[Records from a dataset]

--------------------------------------------------

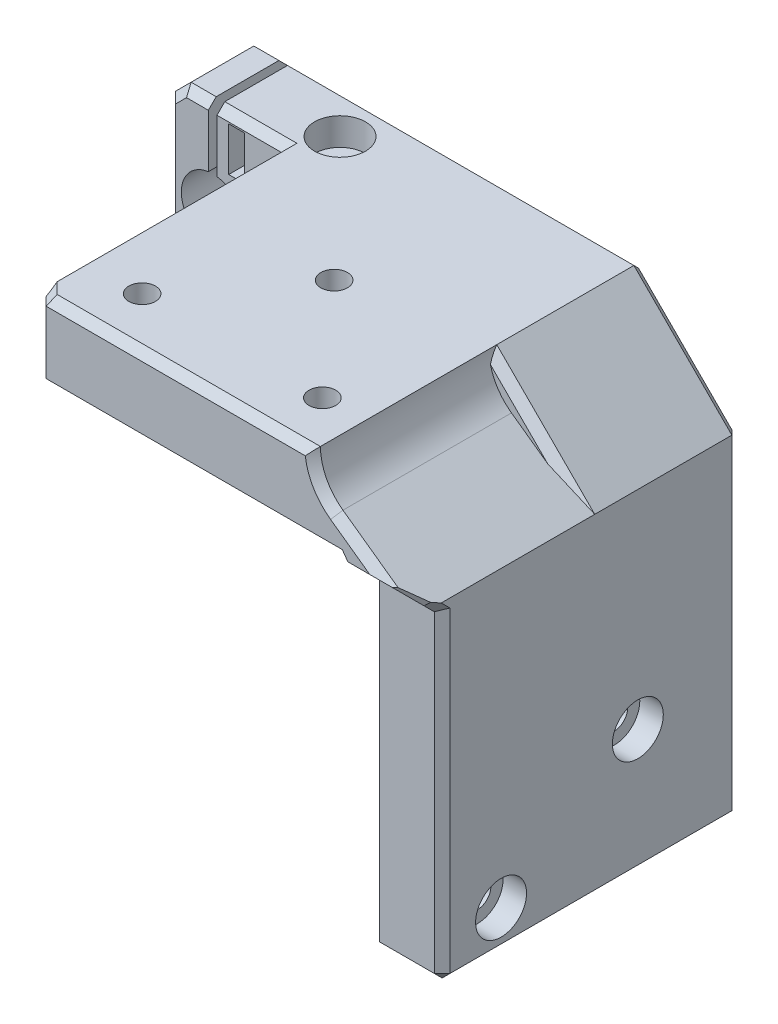
SolidWorks part; units mm, degrees
material "PET"
ref_plane "Front Plane" through (0, 0, 0) normal (0, 0, 1) x (1, 0, 0)
ref_plane "Top Plane" through (0, 0, 0) normal (0, 1, 0) x (1, 0, 0)
ref_plane "Right Plane" through (0, 0, 0) normal (1, 0, 0) x (0, 0, -1)
sketch "Sketch1" plane through (0, 0, -56) normal (0, 0, -1) x (-1, 0, 0)
  line L5 (-205.3, -20) -> (-205.3, -65)
  line L7 (-163.3, -20) -> (-205.3, -20)
  line L8 (-163.3, -20) -> (-163.3, -10)
  line L9 (-163.3, -10) -> (-214.3, -10)
  line L10 (-214.3, -65) -> (-214.3, -10)
  line L11 (-205.3, -65) -> (-214.3, -65)
  line L12 (-166.8, -10) -> (-158.3, -10) construction
  line L13 (-163.3, -20.5) -> (-163.3, -32) construction
  dimension "D1" = 10
  dimension "D2" = 9
  dimension "D3" = 55
extrude "Boss-Extrude1" add sketch "Sketch1" against normal up to surface (42 mm away)
sketch "Sketch19" plane through (0, 0, -56) normal (0, 0, -1) x (-1, 0, 0)
  line L0 (-201.8, -10) -> (-214.3, -22.5)
  line L2 (-214.3, -10) -> (-214.3, -65) construction
  line L3 (-214.3, -22.5) -> (-214.3, -10)
  line L4 (-214.3, -10) -> (-201.8, -10)
  line L8 (-163.3, -10) -> (-214.3, -10) construction
  line L10 (-201.8, -10) -> (-201.8, 4.4) construction
  line L11 (-166.8, -10) -> (-163.3, -13.5)
  line L12 (-166.8, -6.7416) -> (-166.8, -10) construction
  line L13 (-163.3, -20) -> (-163.3, -10) construction
  line L14 (-163.3, -13.5) -> (-163.3, -10)
  line L15 (-163.3, -10) -> (-166.8, -10)
extrude "Cut-Extrude7" cut sketch "Sketch19" against normal through all
sketch "Sketch17" plane through (214.3, 0, 0) normal (1, 0, 0) x (0, 0, -1)
  line L5 (14, -20) -> (18.0294, -24.0294)
  line L6 (18.0294, -24.0294) -> (18.0294, -69.25)
  line L8 (14, -69.25) -> (14, -20)
  line L24 (14, -65) -> (14, -22.5) construction
  line L26 (14, -69.25) -> (18.0294, -69.25)
  dimension "D1" = 45
extrude "Cut-Extrude5" cut sketch "Sketch17" against normal through all
hole_wizard "CBORE for M3 SHCS2" positions "Sketch3" profile "Sketch4" counterbore size "M3" standard "ANSI Metric" end condition through all
sketch "Sketch3" plane through (214.3, 0, 0) normal (1, 0, 0) x (0, 0, -1)
  point P0 (25.55, -60)
  point P3 (43, -49)
sketch "Sketch4" plane through (214.3, -60, -25.55) normal (0, 1, 0) x (0, 0, -1)
  line L0 (0, 0) -> (0, 51)
  line L1 (0, 51) -> (1.7, 51)
  line L3 (1.7, 51) -> (1.7, 3)
  line L4 (1.7, 3) -> (3.25, 3)
  line L5 (3.25, 3) -> (3.25, 0)
  line L7 (3.25, 0) -> (0, 0)
  line L11 (0, -6.35) -> (0, 107.95) construction
  dimension "Thru Hole Dia." = 3.4
  dimension "Thru Hole Depth" = 51
  dimension "C'Bore Dia." = 6.5
  dimension "C'Bore Depth" = 3
sketch "Sketch7" plane through (0, 0, -56) normal (0, 0, -1) x (-1, 0, 0)
  line L1 (-153.2, -28.75) -> (-155.2, -28.75) construction
  line L2 (-166.8, -10) -> (-163.3, -13.5)
  line L3 (-163.3, -13.5) -> (-163.3, -26.75)
  line L4 (-163.3, -26.75) -> (-161.3, -28.75)
  line L5 (-157.05, -21.75) -> (-157.05, -17.788) construction
  line L10 (-163.3, -10) -> (-163.3, -13.5) construction
  line L15 (-156.5, -17.788) -> (-157.6, -17.788) construction
  line L16 (-153.3, -28.75) -> (-151.3, -26.75)
  line L17 (-151.3, -12) -> (-153.3, -10)
  line L18 (-157.6, -10) -> (-166.8, -10)
  line L19 (-157.6, -17.788) -> (-157.6, -10)
  line L20 (-156.5, -10) -> (-156.5, -17.788)
  line L21 (-153.3, -10) -> (-156.5, -10)
  line L22 (-151.3, -26.75) -> (-151.3, -12)
  line L23 (-161.3, -28.75) -> (-153.3, -28.75)
  arc A1 (-156.5, -17.788) -> (-157.6, -17.788) centre (-157.05, -21.75) cw
  point P0 (-163.3, -28.75)
  dimension "D3" = 4
  dimension "D2" = 12
  dimension "D5" = 5.2
  dimension "D6" = 45
  dimension "D8" = 7
  dimension "D9" = 45
  dimension "D7" = 2
  dimension "D10" = 2
  dimension "D11" = 2
  dimension "D12" = 45
  dimension "D13" = 1.1
extrude "Boss-Extrude2" add sketch "Sketch7" against normal blind 10
hole_wizard "CBORE for M3 SHCS1" positions "Sketch8" profile "Sketch9" counterbore size "M3" standard "ANSI Metric"
sketch "Sketch8" plane through (151.3, 0, 0) normal (1, 0, 0) x (0, 0, -1)
  line L1 (51, -14) -> (51, -10) construction
  line L2 (46, -10) -> (56, -10) construction
  point P0 (51, -14)
  dimension "D1" = 4
sketch "Sketch9" plane through (151.3, -14, -51) normal (0, 1, 0) x (0, 0, 1)
  line L0 (0, 0) -> (0, 13.0215)
  line L1 (0, 13.0215) -> (1.7, 12)
  line L2 (1.7, 12) -> (1.7, 3)
  line L3 (1.7, 3) -> (3.25, 3)
  line L4 (3.25, 3) -> (3.25, 0)
  line L5 (3.25, 0) -> (0, 0)
  line L10 (0, 13.0215) -> (-1.7, 12) construction
  line L11 (0, -6.35) -> (0, 107.95) construction
  dimension "Hole Dia." = 3.4
  dimension "Hole Depth" = 12
  dimension "C'Bore Dia." = 6.5
  dimension "C'Bore Depth" = 3
  dimension "Drill Angle" = 118
sketch "Sketch10" plane through (0, 0, -46) normal (0, 0, 1) x (1, 0, 0)
  line L1 (161.1, -11.2) -> (159.1, -11.2)
  line L2 (161.1, -11.2) -> (161.1, -16.8)
  line L3 (161.1, -16.8) -> (159.1, -16.8)
  line L4 (159.1, -11.2) -> (159.1, -16.8)
  line L5 (157.6, -10) -> (166.8, -10) construction
  line L6 (154.3, -14) -> (159.1, -14) construction
  line L7 (154.3, -10.75) -> (154.3, -17.25) construction
  line L8 (160.1, -11.2) -> (160.1, -10) construction
  line L10 (157.6, -17.788) -> (157.6, -10) construction
  dimension "D1" = 5.6
  dimension "D2" = 2
  dimension "D3" = 1.5
extrude "Cut-Extrude3" cut sketch "Sketch10" against normal blind 8
chamfer "Chamfer14" distance 4.5 angle 45 1 edges at (163.3, -16.75, -14)
sketch "Sketch11" plane through (0, -20, 0) normal (0, -1, 0) x (1, 0, 0)
  line L1 (185.9166, -31.45) -> (182.6834, -31.45)
  line L2 (182.6834, -31.45) -> (181.0668, -34.25)
  line L3 (181.0668, -34.25) -> (182.6834, -37.05)
  line L4 (182.6834, -37.05) -> (185.9166, -37.05)
  line L5 (185.9166, -37.05) -> (187.5332, -34.25)
  line L6 (187.5332, -34.25) -> (185.9166, -31.45)
  line L7 (175.1666, -23.3) -> (176.7832, -20.5)
  line L8 (176.7832, -20.5) -> (175.1666, -17.7)
  line L9 (175.1666, -17.7) -> (171.9334, -17.7)
  line L10 (171.9334, -17.7) -> (170.3168, -20.5)
  line L11 (170.3168, -20.5) -> (171.9334, -23.3)
  line L12 (171.9334, -23.3) -> (175.1666, -23.3)
  line L13 (194.9334, -23.3) -> (198.1666, -23.3)
  line L14 (198.1666, -23.3) -> (199.7832, -20.5)
  line L15 (199.7832, -20.5) -> (198.1666, -17.7)
  line L16 (198.1666, -17.7) -> (194.9334, -17.7)
  line L17 (194.9334, -17.7) -> (193.3168, -20.5)
  line L18 (193.3168, -20.5) -> (194.9334, -23.3)
  circle A0 centre (184.3, -34.25) radius 2.8 construction
  circle A1 centre (173.55, -20.5) radius 2.8 construction
  circle A2 centre (196.55, -20.5) radius 2.8 construction
  dimension "D1" = 5.6
extrude "Cut-Extrude4" cut sketch "Sketch11" against normal blind 5
hole_wizard "M3 Clearance Hole2" positions "Sketch13" profile "Sketch14" hole size "M3" standard "ANSI Metric" end condition through all
sketch "Sketch13" plane through (0, -15, 0) normal (0, -1, 0) x (-1, 0, 0)
  point P0 (-184.3, 34.25)
  point P3 (-196.55, 20.5)
  point P5 (-173.55, 20.5)
sketch "Sketch14" plane through (184.3, -15, -34.25) normal (1, 0, 0) x (0, 0, -1)
  line L0 (0, 0) -> (0, 5)
  line L1 (0, 5) -> (1.7, 5)
  line L2 (1.7, 5) -> (1.7, 0)
  line L5 (1.7, 0) -> (0, 0)
  line L11 (0, -6.35) -> (0, 107.95) construction
  dimension "Thru Hole Dia." = 3.4
  dimension "Thru Hole Depth" = 5
chamfer "Chamfer3" distance 1 angle 45 1 edges at (205.3, -22.0147, -16.0147)
chamfer "Chamfer1" distance 1 angle 45 34 edges at (214.3, -43.75, -56) (214.3, -65, -37.0147) (184.3, -20, -56) (205.3, -42.5, -56) (205.3, -65, -37.0147) (163.3, -20, -32.25) (165.55, -20, -16.25) (187.05, -20, -14) (205.3, -43.8076, -18.0294) (214.3, -44.5147, -18.0294) (214.3, -23.2647, -17.2647) (162.2, -10, -46) (157.6, -14, -49.3) (154.9, -10, -46) (152.3, -11, -46) (151.3, -19.375, -46) (152.3, -27.75, -46) (157.3, -28.75, -46) (152.3, -11, -56) (151.3, -19.375, -56) (152.3, -27.75, -56) (157.3, -28.75, -56) (209.8, -65, -18.0294) (209.8, -65, -56) (213.05, -21.25, -15.25) (206.8, -15, -14) (208.05, -16.25, -56) (163.3, -23.375, -56) (162.3, -27.75, -46) (162.3, -27.75, -56) (179.7, -10, -56) (154.9, -10, -56) (167.3, -10, -14.5) (184.8, -10, -14)
sketch "Sketch18" plane through (0, 0, -36.5) normal (0, 0, 1) x (1, 0, 0)
  line L0 (163.3, -10) -> (167.8, -10) construction
  line L1 (166.8, -10) -> (166.8, -4.4) construction
  line L5 (201.8, -4.6) -> (201.8, -10) construction
  line L8 (201.8, -10) -> (214.3, -10)
  line L9 (214.3, -10) -> (214.3, -22.5)
  line L10 (204.6771, -15.6023) -> (214.3, -22.5)
  line L12 (166.8, -10) -> (163.3, -10)
  line L13 (157.6, -10) -> (166.8, -10) construction
  line L14 (163.3, -10) -> (163.3, -16)
  line L15 (163.3, -19) -> (163.3, -13.5) construction
  arc A0 (166.8, -10) -> (163.3, -16) centre (159.9071, -10) cw
  arc A1 (201.8, -10) -> (204.6771, -15.6023) centre (208.6929, -10) ccw
  dimension "D1" = 6
extrude "Cut-Extrude6" cut sketch "Sketch18" along normal through all
chamfer "Chamfer15" distance 1 angle 45 6 edges at (206.9917, -17.2613, -14) (202.9723, -13.8453, -14) (163.3, -14.75, -36.5) (163.3, -22.6679, -46) (165.05, -11.75, -36.5) (208.05, -16.25, -36.5)
hole_wizard "Tap Drill for M3x0.5 Tap1" positions "Sketch22" profile "Sketch23" hole size "M3x0.5" standard "ANSI Metric"
sketch "Sketch22" plane through (0, -65, 0) normal (0, -1, 0) x (-1, 0, 0)
  point P0 (-209.85, 23.1314)
sketch "Sketch23" plane through (209.85, -65, -23.1314) normal (1, 0, 0) x (0, 0, -1)
  line L0 (0, 0) -> (0, 3.7511)
  line L1 (0, 3.7511) -> (1.25, 3)
  line L2 (1.25, 3) -> (1.25, 0)
  line L5 (1.25, 0) -> (0, 0)
  line L10 (0, 3.7511) -> (-1.25, 3) construction
  line L11 (0, -6.35) -> (0, 107.95) construction
  dimension "Hole Dia." = 2.5
  dimension "Hole Depth" = 3
  dimension "Drill Angle" = 118
pattern_linear "LPattern1" count 7 spacing 4.5614 along (0, 0, -1) of "Tap Drill for M3x0.5 Tap1"
hole_wizard "CBORE for M3 SHCS3" positions "Sketch25" profile "Sketch26" counterbore size "M3" standard "ANSI Metric" end condition through all
sketch "Sketch25" plane through (0, -10, 0) normal (0, 1, 0) x (1, 0, 0)
  point P0 (168.8, 50.5)
sketch "Sketch26" plane through (168.8, -10, -50.5) normal (1, 0, 0) x (0, 0, 1)
  line L0 (0, 0) -> (0, 55)
  line L1 (0, 55) -> (1.7, 55)
  line L3 (1.7, 55) -> (1.7, 3.5)
  line L4 (1.7, 3.5) -> (3.25, 3.5)
  line L5 (3.25, 3.5) -> (3.25, 0)
  line L7 (3.25, 0) -> (0, 0)
  line L11 (0, -6.35) -> (0, 107.95) construction
  dimension "Thru Hole Dia." = 3.4
  dimension "Thru Hole Depth" = 55
  dimension "C'Bore Dia." = 6.5
  dimension "C'Bore Depth" = 3.5
equation "\"D9@Sketch7\"=\"D6@Sketch7\""
equation "\"D10@Sketch7\"=\"D7@Sketch7\""

--------------------------------------------------

PROBLEM: Look through the data above for the word "equation". Report each line where it occurs.

PROBLEM SOLUTION:
equation "\"D9@Sketch7\"=\"D6@Sketch7\""
equation "\"D10@Sketch7\"=\"D7@Sketch7\""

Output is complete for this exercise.